(Stored records)
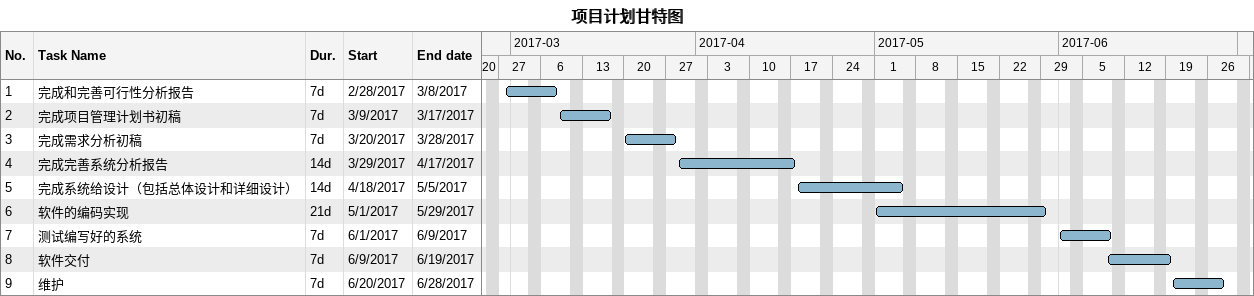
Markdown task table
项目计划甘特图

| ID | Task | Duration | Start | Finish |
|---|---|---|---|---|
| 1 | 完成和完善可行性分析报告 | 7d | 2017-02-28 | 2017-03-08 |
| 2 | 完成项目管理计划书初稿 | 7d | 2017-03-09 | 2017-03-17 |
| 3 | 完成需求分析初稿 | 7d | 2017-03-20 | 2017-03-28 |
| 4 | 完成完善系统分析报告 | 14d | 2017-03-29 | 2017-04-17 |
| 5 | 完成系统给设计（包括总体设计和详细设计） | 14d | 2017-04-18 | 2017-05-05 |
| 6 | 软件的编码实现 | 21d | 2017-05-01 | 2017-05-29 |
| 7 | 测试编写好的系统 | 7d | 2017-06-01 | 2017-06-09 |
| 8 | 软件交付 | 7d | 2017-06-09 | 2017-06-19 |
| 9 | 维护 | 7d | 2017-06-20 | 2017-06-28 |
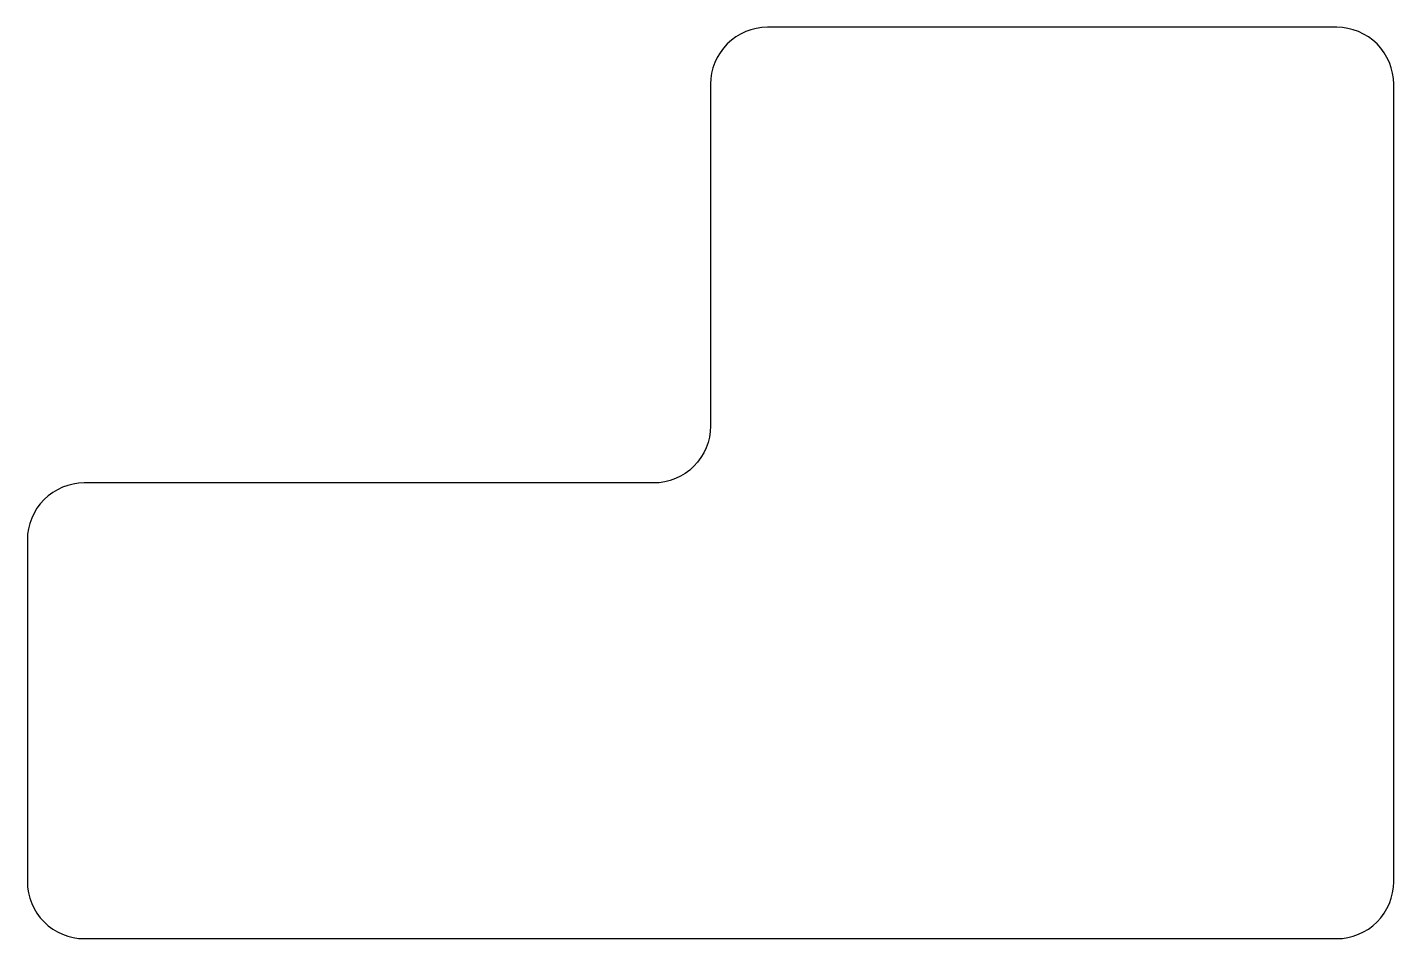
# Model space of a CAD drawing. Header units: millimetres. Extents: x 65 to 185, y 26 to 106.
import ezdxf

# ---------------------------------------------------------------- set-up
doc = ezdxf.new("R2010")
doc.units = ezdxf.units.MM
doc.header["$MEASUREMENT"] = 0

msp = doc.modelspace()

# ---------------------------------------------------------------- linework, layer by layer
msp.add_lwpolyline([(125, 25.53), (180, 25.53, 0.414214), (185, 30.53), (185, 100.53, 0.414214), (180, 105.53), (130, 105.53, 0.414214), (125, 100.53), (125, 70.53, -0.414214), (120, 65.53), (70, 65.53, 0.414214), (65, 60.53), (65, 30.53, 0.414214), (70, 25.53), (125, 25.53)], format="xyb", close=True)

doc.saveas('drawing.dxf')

## Instructions to follow
Using the entries above, state how many lines include the word "drawing", with no other words.

## Output for this exercise
2